(SUPPLIED DATA)

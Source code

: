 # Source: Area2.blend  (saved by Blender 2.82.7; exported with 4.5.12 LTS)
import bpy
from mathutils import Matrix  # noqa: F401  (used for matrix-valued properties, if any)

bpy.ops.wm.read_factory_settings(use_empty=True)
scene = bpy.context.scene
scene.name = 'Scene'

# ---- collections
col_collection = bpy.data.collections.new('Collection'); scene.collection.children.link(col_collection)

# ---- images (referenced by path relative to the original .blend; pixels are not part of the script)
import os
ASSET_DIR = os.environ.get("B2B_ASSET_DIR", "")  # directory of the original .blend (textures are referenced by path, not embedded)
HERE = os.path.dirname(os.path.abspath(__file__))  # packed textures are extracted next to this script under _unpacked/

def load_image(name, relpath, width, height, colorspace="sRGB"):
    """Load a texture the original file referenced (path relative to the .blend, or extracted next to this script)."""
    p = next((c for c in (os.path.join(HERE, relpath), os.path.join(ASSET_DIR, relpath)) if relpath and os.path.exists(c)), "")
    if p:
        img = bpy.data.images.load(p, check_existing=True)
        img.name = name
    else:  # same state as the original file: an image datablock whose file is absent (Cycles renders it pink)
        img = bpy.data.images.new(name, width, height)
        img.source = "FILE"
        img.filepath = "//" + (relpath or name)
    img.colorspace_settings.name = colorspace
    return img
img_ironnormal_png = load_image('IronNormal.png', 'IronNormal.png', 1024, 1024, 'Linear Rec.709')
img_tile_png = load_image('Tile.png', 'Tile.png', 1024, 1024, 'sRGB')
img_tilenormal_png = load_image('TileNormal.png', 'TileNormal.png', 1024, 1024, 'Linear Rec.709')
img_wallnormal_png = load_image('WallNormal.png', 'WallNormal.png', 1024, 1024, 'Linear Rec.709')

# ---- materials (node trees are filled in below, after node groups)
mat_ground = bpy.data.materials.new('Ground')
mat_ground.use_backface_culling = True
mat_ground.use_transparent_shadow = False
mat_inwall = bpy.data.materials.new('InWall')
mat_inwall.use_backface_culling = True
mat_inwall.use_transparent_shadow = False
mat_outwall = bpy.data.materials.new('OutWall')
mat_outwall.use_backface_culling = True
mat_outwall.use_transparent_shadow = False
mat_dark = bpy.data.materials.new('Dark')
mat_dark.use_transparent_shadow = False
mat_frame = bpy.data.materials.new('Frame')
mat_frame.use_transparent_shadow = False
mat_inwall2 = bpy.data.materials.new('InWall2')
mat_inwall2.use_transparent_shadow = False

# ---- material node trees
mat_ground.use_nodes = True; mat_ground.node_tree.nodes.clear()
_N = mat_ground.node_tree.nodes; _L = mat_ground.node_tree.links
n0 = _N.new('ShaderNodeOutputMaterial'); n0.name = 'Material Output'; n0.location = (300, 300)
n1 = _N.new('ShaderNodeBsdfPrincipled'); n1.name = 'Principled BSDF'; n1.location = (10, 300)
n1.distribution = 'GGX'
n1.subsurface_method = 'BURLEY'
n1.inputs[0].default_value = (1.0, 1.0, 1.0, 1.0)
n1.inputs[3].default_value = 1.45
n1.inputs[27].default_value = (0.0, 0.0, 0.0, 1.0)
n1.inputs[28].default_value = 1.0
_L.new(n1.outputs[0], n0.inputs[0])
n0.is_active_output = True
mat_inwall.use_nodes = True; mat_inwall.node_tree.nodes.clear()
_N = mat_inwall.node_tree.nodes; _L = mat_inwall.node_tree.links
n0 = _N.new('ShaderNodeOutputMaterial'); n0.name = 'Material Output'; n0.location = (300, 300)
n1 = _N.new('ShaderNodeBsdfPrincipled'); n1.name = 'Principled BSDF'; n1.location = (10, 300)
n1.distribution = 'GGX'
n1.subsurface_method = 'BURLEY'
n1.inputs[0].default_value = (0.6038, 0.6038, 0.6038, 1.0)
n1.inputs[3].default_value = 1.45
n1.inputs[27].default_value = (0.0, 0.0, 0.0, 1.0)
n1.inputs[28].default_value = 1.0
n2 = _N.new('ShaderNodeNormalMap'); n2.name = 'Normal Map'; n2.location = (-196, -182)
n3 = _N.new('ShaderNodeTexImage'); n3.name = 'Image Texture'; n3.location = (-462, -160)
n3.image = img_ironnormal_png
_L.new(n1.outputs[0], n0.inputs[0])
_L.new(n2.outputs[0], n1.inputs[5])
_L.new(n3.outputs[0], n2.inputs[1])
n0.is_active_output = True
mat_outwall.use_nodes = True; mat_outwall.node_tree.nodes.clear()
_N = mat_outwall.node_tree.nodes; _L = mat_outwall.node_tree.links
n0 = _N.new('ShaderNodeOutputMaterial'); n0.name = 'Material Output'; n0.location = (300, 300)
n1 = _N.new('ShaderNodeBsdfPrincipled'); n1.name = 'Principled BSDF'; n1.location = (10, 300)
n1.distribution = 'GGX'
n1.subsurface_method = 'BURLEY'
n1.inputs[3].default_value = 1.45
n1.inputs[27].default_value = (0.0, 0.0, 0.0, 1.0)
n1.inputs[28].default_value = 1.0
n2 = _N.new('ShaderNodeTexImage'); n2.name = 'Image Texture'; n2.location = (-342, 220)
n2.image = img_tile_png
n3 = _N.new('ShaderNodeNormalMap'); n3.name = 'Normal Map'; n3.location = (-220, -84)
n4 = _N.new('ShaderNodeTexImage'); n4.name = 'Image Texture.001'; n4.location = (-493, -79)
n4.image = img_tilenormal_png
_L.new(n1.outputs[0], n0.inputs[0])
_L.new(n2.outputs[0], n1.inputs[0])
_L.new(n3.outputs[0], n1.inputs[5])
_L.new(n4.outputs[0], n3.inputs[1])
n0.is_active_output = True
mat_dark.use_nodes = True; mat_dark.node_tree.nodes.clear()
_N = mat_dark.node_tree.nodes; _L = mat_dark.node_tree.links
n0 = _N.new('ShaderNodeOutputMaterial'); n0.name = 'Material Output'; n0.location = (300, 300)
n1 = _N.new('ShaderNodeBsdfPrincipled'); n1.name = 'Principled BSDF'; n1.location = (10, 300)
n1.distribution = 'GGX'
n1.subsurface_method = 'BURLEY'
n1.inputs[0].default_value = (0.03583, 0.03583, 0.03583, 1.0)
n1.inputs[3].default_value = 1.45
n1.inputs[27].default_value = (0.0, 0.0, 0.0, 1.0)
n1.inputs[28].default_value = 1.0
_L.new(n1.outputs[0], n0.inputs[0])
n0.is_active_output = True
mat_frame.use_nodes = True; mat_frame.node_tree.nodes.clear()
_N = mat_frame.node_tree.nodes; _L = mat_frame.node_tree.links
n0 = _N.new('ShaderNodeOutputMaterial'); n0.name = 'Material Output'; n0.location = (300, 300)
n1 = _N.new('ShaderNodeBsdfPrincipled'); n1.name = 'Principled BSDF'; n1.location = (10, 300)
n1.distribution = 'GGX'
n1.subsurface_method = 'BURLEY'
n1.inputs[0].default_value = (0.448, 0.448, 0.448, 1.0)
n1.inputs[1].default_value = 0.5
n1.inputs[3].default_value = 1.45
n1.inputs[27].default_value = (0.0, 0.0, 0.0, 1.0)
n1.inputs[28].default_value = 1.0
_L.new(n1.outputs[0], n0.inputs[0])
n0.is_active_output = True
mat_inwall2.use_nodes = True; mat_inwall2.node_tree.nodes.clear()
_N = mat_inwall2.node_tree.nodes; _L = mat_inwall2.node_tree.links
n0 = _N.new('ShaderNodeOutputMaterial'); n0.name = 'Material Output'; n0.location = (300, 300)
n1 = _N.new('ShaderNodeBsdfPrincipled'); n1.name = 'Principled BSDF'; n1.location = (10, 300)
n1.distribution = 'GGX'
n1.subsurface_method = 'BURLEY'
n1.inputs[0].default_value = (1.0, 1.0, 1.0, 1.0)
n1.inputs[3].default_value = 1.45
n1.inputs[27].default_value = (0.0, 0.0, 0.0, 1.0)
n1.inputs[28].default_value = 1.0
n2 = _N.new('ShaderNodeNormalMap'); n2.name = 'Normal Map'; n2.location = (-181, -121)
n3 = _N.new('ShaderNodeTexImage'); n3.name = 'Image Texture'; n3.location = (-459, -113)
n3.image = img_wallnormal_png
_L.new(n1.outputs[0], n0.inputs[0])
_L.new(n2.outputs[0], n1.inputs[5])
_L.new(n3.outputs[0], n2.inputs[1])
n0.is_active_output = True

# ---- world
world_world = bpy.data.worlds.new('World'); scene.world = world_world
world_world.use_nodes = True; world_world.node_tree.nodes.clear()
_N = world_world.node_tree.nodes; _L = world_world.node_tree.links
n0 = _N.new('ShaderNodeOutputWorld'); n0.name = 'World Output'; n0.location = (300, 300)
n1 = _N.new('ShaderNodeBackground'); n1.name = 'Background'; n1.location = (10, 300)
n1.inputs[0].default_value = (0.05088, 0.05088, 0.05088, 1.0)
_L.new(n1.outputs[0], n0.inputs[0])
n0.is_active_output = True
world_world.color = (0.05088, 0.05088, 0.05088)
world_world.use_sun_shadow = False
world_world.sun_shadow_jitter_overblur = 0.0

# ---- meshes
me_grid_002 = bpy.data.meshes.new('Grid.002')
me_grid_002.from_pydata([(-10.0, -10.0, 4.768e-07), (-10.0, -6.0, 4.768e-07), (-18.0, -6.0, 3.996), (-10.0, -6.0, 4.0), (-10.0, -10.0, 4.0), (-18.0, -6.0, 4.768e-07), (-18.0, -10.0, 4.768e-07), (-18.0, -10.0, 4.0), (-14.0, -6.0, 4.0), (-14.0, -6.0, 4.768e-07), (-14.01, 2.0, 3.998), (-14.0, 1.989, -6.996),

(End SUPPLIED DATA)

DIRECTIONS FOR THIS TASK: Which lines run from the first of the listing to the line containing "# ---- collections"? Reproduce those exactly, both ends included.

FINAL ANSWER:
Source code

: # Source: Area2.blend  (saved by Blender 2.82.7; exported with 4.5.12 LTS)
import bpy
from mathutils import Matrix  # noqa: F401  (used for matrix-valued properties, if any)

bpy.ops.wm.read_factory_settings(use_empty=True)
scene = bpy.context.scene
scene.name = 'Scene'

# ---- collections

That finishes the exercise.